Featured on this page are details of other
important and interesting artefacts we have been able to
compile through our oral history project. Many of
the items have been provided by our contributors.
Working on an East Coast Chain
Home Tower– 1953 (just after the East Coast floods) -
David Harrison
First the technical bit – The
receiver dipoles were mounted at 120 ft. and 190 ft. up
the 240 ft. wooden lattice towers. The towers were rigid
and did not sway but they vibrated in a high wind. The
method of detecting whether an echo was in front or behind
was by separating the reflector dipole and then shorting
it together by pushing the ‘sense’ button on the receiver.
The shorting was achieved by a mercury relay which
comprised a horizontal glass tube with a pool of mercury
at each end. When the sense button was pushed, an iron
strip was pushed into the mercury and made the contacts.

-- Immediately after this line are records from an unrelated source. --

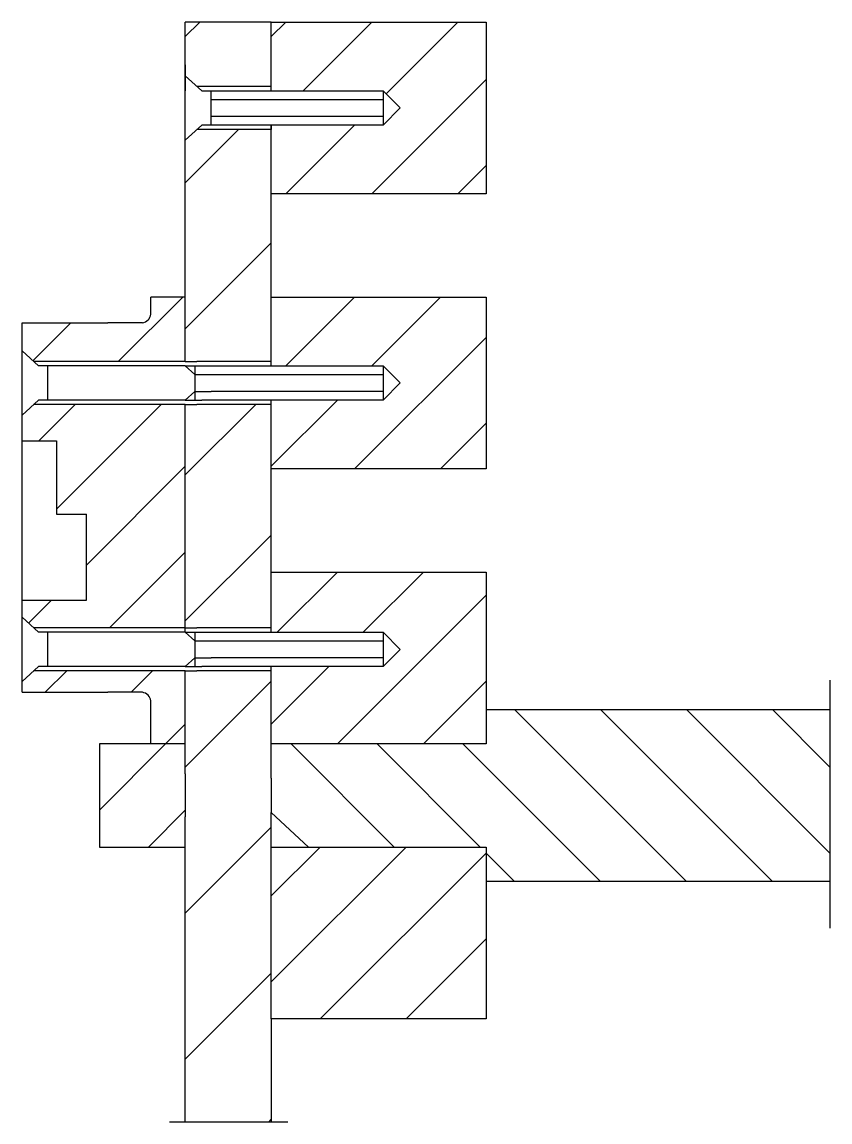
# Model space of a CAD drawing. Header units: centimetres. Extents: x -2268 to 4168, y -1681 to 1458.
# Drawn here: x 732.54 to 741.94, y 853.83 to 866.63 of the extents above; entities that cross this region are included whole.
import ezdxf

# ---------------------------------------------------------------- set-up
doc = ezdxf.new("R2010")
doc.units = ezdxf.units.CM
doc.layers.get('0').update_dxf_attribs({"color": 5})
for name, color, linetype in [('ARREDI_attrezzature', 175, 'Continuous'), ('filatura', 8, 'Continuous'), ('tratteggio', 5, 'Continuous')]:
    doc.layers.add(name, color=color, linetype=linetype)
pattern_1 = [(45, (613.102, 541.115), (-0.85, 0.85), [])]

msp = doc.modelspace()

# ---------------------------------------------------------------- hatches: boundary and pattern name
at = {"layer": 'ARREDI_attrezzature'}
h = msp.add_hatch(dxfattribs=at)
h.set_pattern_fill('JIS_WOOD', color=256, scale=1.7)
h.set_pattern_definition(pattern_1)
h.paths.add_polyline_path([(735.4428, 861.4256), (735.4428, 862.1756), (734.5781, 862.1756), (734.4428, 862.1756), (734.4428, 859.5756), (734.5781, 859.5756), (735.4428, 859.5756), (735.4428, 860.2256)])
h.paths.add_polyline_path([(735.4428, 864.6256), (735.4428, 865.3756), (734.5781, 865.3756), (734.4428, 865.2524), (734.4428, 862.6756), (734.5781, 862.6756), (735.4428, 862.6756), (735.4428, 863.4256)])
h.paths.add_polyline_path([(735.4428, 866.6256), (734.4428, 866.6256), (734.4428, 865.9988), (734.5781, 865.8756), (735.4428, 865.8756)])
h = msp.add_hatch(dxfattribs=at)
h.set_pattern_fill('JIS_WOOD', color=256, scale=1.7)
h.set_pattern_definition(pattern_1)
h.paths.add_polyline_path([(735.4428, 857.0256), (735.4428, 857.4256), (735.4428, 857.8256), (735.4428, 858.2256), (735.4428, 859.0256), (735.4428, 859.0756), (734.5781, 859.0756), (734.4428, 859.0756), (734.4428, 858.9756), (734.4428, 857.8756), (734.4428, 857.3756), (734.4428, 853.8256), (735.4428, 853.8256), (735.4428, 855.0256)])

# ---------------------------------------------------------------- linework, layer by layer
for p, q in [((734.4428, 862.6756), (734.4428, 866.6256)), ((735.4428, 866.6256), (734.4428, 866.6256)), ((735.4428, 866.6256), (735.9428, 866.6256)), ((734.4428, 866.1256), (734.4428, 865.8256)), ((734.633, 865.8256), (734.4428, 865.9988)), ((735.4428, 865.8756), (734.5781, 865.8756)), ((734.633, 865.8256), (736.7428, 865.8256)), ((734.7428, 865.8256), (734.7428, 865.8256)), ((735.4428, 865.8256), (735.4428, 865.8756)), ((736.7428, 865.8256), (736.7428, 865.4256)), ((736.7428, 865.8256), (736.9428, 865.6256)), ((736.7428, 865.4256), (736.9428, 865.6256)), ((734.633, 865.4256), (734.4428, 865.2524)), ((734.7428, 865.4256), (734.633, 865.4256)), ((736.7428, 865.4256), (734.7428, 865.4256)), ((735.4428, 865.4256), (735.4428, 865.3756)), ((735.4428, 865.3756), (734.5781, 865.3756)), ((735.4428, 863.4256), (735.4428, 864.6256)), ((734.4428, 863.4256), (734.0428, 863.4256)), ((734.0428, 863.2256), (734.0428, 863.4256)), ((732.5428, 858.8256), (732.5428, 863.1256)), ((732.5428, 863.1256), (733.5428, 863.1256)), ((733.7428, 863.1256), (733.5428, 863.1256)), ((733.9428, 863.1256), (733.7428, 863.1256)), ((732.733, 862.6256), (732.5428, 862.7988)), ((734.4428, 862.6756), (732.6781, 862.6756)), ((734.4428, 862.6256), (732.733, 862.6256)), ((734.4428, 862.6756), (734.5781, 862.6756)), ((734.4428, 862.6256), (734.633, 862.6256)), ((735.4428, 862.6756), (734.5781, 862.6756)), ((734.633, 862.6256), (736.7428, 862.6256)), ((734.7428, 862.6256), (734.7428, 862.6256)), ((736.7428, 862.6256), (736.9428, 862.4256)), ((736.7428, 862.6256), (736.7428, 862.2256)), ((736.7428, 862.2256), (736.9428, 862.4256)), ((732.733, 862.2256), (732.5428, 862.0524)), ((734.4428, 862.2256), (732.733, 862.2256)), ((734.4428, 862.2256), (734.633, 862.2256)), ((734.7428, 862.2256), (734.633, 862.2256)), ((736.7428, 862.2256), (734.7428, 862.2256)), ((734.4428, 862.1756), (732.6781, 862.1756)), ((734.4428, 859.5256), (734.4428, 862.1756)), ((734.4428, 862.1756), (734.5781, 862.1756)), ((735.4428, 862.1756), (734.5781, 862.1756)), ((735.4428, 861.4256), (735.4428, 862.1756)), ((732.5428, 861.7524), (732.9428, 861.7524)), ((732.9428, 861.7524), (732.9428, 860.8988)), ((735.4428, 860.2256), (735.4428, 861.4256)), ((732.9428, 860.8988), (733.2928, 860.8988)), ((733.2928, 859.8988), (733.2928, 860.8988)), ((732.5428, 859.8988), (733.2928, 859.8988)), ((732.733, 859.5256), (732.5428, 859.6988)), ((734.4428, 859.5756), (732.6781, 859.5756)), ((734.4428, 859.5256), (732.733, 859.5256)), ((734.4428, 859.5756), (734.5781, 859.5756)), ((734.4428, 859.5256), (734.633, 859.5256)), ((735.4428, 859.5756), (734.5781, 859.5756)), ((734.633, 859.5256), (736.7428, 859.5256)), ((736.7428, 859.5256), (736.9428, 859.3256)), ((736.7428, 859.5256), (736.7428, 859.1256)), ((736.7428, 859.1256), (736.9428, 859.3256)), ((732.733, 859.1256), (732.5428, 858.9524)), ((734.4428, 859.0756), (732.6781, 859.0756)), ((734.4428, 859.1256), (732.733, 859.1256)), ((734.4428, 859.1256), (734.633, 859.1256)), ((734.4428, 859.0756), (734.5781, 859.0756)), ((734.4428, 858.9756), (734.4428, 859.0756)), ((735.4428, 859.0756), (734.5781, 859.0756)), ((734.7428, 859.1256), (734.633, 859.1256)), ((736.7428, 859.1256), (734.7428, 859.1256)), ((735.4428, 859.0256), (735.4428, 859.1256)), ((734.4428, 857.8756), (734.4428, 858.9756)), ((732.5428, 858.8256), (733.5428, 858.8256)), ((733.7428, 858.8256), (733.5428, 858.8256)), ((733.9428, 858.8256), (733.7428, 858.8256)), ((734.0428, 858.4256), (734.0428, 858.7256)), ((737.9428, 858.6256), (741.9428, 858.6256)), ((737.9428, 858.6256), (741.9428, 858.6256)), ((734.0428, 858.2256), (734.0428, 858.4256)), ((734.4428, 858.2256), (733.4428, 858.2256)), ((733.4428, 858.2256), (733.4428, 857.0256)), ((735.4428, 857.8256), (735.4428, 858.2256)), ((734.4428, 857.8756), (734.4428, 857.3756)), ((735.4428, 857.8256), (735.4428, 857.4256)), ((734.4428, 853.8256), (734.4428, 857.3756)), ((735.4428, 857.0256), (735.4428, 857.4256)), ((733.4428, 857.0256), (734.4428, 857.0256)), ((741.9428, 856.6256), (737.9428, 856.6256)), ((735.4428, 855.0256), (735.4428, 853.8256))]:
    msp.add_line(p, q)
for points in [[(735.4428, 865.8256), (735.4428, 866.6256), (737.9428, 866.6256), (737.9428, 864.6256), (735.4428, 864.6256), (735.4428, 865.4256)], [(735.4428, 862.6256), (735.4428, 863.4256), (737.9428, 863.4256), (737.9428, 861.4256), (735.4428, 861.4256), (735.4428, 862.2256)], [(735.4428, 859.5256), (735.4428, 860.2256), (737.9428, 860.2256), (737.9428, 858.2256), (735.4428, 858.2256), (735.4428, 859.0256)]]:
    msp.add_lwpolyline(points)
msp.add_lwpolyline([(735.4428, 855.0256), (735.4428, 857.0256), (737.9428, 857.0256), (737.9428, 855.0256)], close=True)
for centre, start, end in [((733.927, 863.2415), 277.78442, 352.21558), ((733.927, 858.7098), 7.78442, 82.21558)]:
    msp.add_arc(centre, 0.1169, start, end)
at = {"layer": 'ARREDI_attrezzature', "linetype": 'Continuous'}
for p, q in [((735.4428, 866.4558), (735.6126, 866.6256)), ((735.8126, 865.8256), (736.6126, 866.6256)), ((736.7777, 865.7907), (737.6126, 866.6256)), ((736.6126, 864.6256), (737.9428, 865.9558)), ((735.6126, 864.6256), (736.4126, 865.4256)), ((737.6126, 864.6256), (737.9428, 864.9558)), ((733.6626, 862.6756), (734.4126, 863.4256)), ((735.6126, 862.6256), (736.4126, 863.4256)), ((736.6126, 862.6256), (737.4126, 863.4256)), ((732.67, 862.683), (733.1126, 863.1256)), ((736.4126, 861.4256), (737.9428, 862.9558)), ((735.4428, 861.4558), (736.2126, 862.2256)), ((732.7394, 861.7524), (733.1626, 862.1756)), ((732.9428, 860.9558), (734.1626, 862.1756)), ((737.4126, 861.4256), (737.9428, 861.9558)), ((733.2928, 860.3058), (734.4428, 861.4558)), ((733.5626, 859.5756), (734.4428, 860.4558)), ((735.5126, 859.5256), (736.2126, 860.2256)), ((736.5126, 859.5256), (737.2126, 860.2256)), ((736.2126, 858.2256), (737.9428, 859.9558)), ((732.6177, 859.6307), (732.8858, 859.8988)), ((732.8126, 858.8256), (733.0626, 859.0756)), ((733.8126, 858.8256), (734.0626, 859.0756)), ((735.4428, 858.4558), (736.1126, 859.1256)), ((737.2126, 858.2256), (737.9428, 858.9558)), ((740.2729, 856.6256), (738.2729, 858.6256)), ((741.2729, 856.6256), (739.2729, 858.6256)), ((741.9428, 856.9558), (740.2729, 858.6256)), ((741.9428, 857.9558), (741.2729, 858.6256)), ((734.2126, 858.2256), (734.4428, 858.4558)), ((733.4428, 857.4558), (734.2126, 858.2256)), ((736.8729, 857.0256), (735.6729, 858.2256)), ((739.2729, 856.6256), (737.6709, 858.2256)), ((734.0126, 857.0256), (734.4428, 857.4558)), ((735.4428, 856.4558), (736.0126, 857.0256)), ((735.4428, 855.4558), (737.0126, 857.0256)), ((736.0126, 855.0256), (737.9428, 856.9558)), ((738.2729, 856.6256), (737.9428, 856.9558)), ((737.0126, 855.0256), (737.9428, 855.9558))]:
    msp.add_line(p, q, dxfattribs=at)
at = {"layer": 'ARREDI_attrezzature'}
for p, q in [((736.6729, 858.2256), (737.8729, 857.0256)), ((735.4428, 857.4256), (735.875, 857.0256))]:
    msp.add_line(p, q, dxfattribs=at)
at = {"layer": 'filatura'}
for p, q in [((734.7428, 865.4256), (734.7428, 865.8256)), ((734.7428, 865.7256), (736.7428, 865.7256)), ((736.7428, 865.5256), (734.7428, 865.5256)), ((732.8428, 862.2256), (732.8428, 862.6256)), ((734.4428, 862.6256), (734.5526, 862.5256)), ((734.5526, 862.6256), (734.5526, 862.2256)), ((734.5526, 862.5256), (734.7428, 862.5256)), ((734.7428, 862.5256), (736.7428, 862.5256)), ((734.4428, 862.2256), (734.5526, 862.3256)), ((734.5526, 862.3256), (734.7428, 862.3256)), ((736.7428, 862.3256), (734.7428, 862.3256)), ((732.8428, 859.1256), (732.8428, 859.5256)), ((734.4428, 859.5256), (734.5526, 859.4256)), ((734.5526, 859.5256), (734.5526, 859.1256)), ((734.5526, 859.4256), (734.7428, 859.4256)), ((734.7428, 859.4256), (736.7428, 859.4256)), ((734.4428, 859.1256), (734.5526, 859.2256)), ((734.5526, 859.2256), (734.7428, 859.2256)), ((736.7428, 859.2256), (734.7428, 859.2256))]:
    msp.add_line(p, q, dxfattribs=at)
at = {"layer": 'tratteggio'}
for p, q in [((741.9428, 858.9656), (741.9428, 856.0801)), ((735.6356, 853.8256), (734.2583, 853.8256))]:
    msp.add_line(p, q, dxfattribs=at)

doc.saveas('drawing.dxf')

On windy days the vibration caused
the mercury to accumulate at one end, with the result that
the operator on the Tube would shout “Mech. The
reflector’s gone (again)”
So on this wintry day in 1953 I had
to climb 190 ft. up the receiver tower in a gale in the
middle of the night, to take the lid off the relay box and
flick the glass tube to move the mercury back in place.
Whilst I did this, strapped to the
central feeder, Flight Sergeant Ted Lawrence stood on the
ladder and held the torch. At some stage he swung the
torch around and illuminated the remains of the adjacent
tower which had collapsed in the January gales.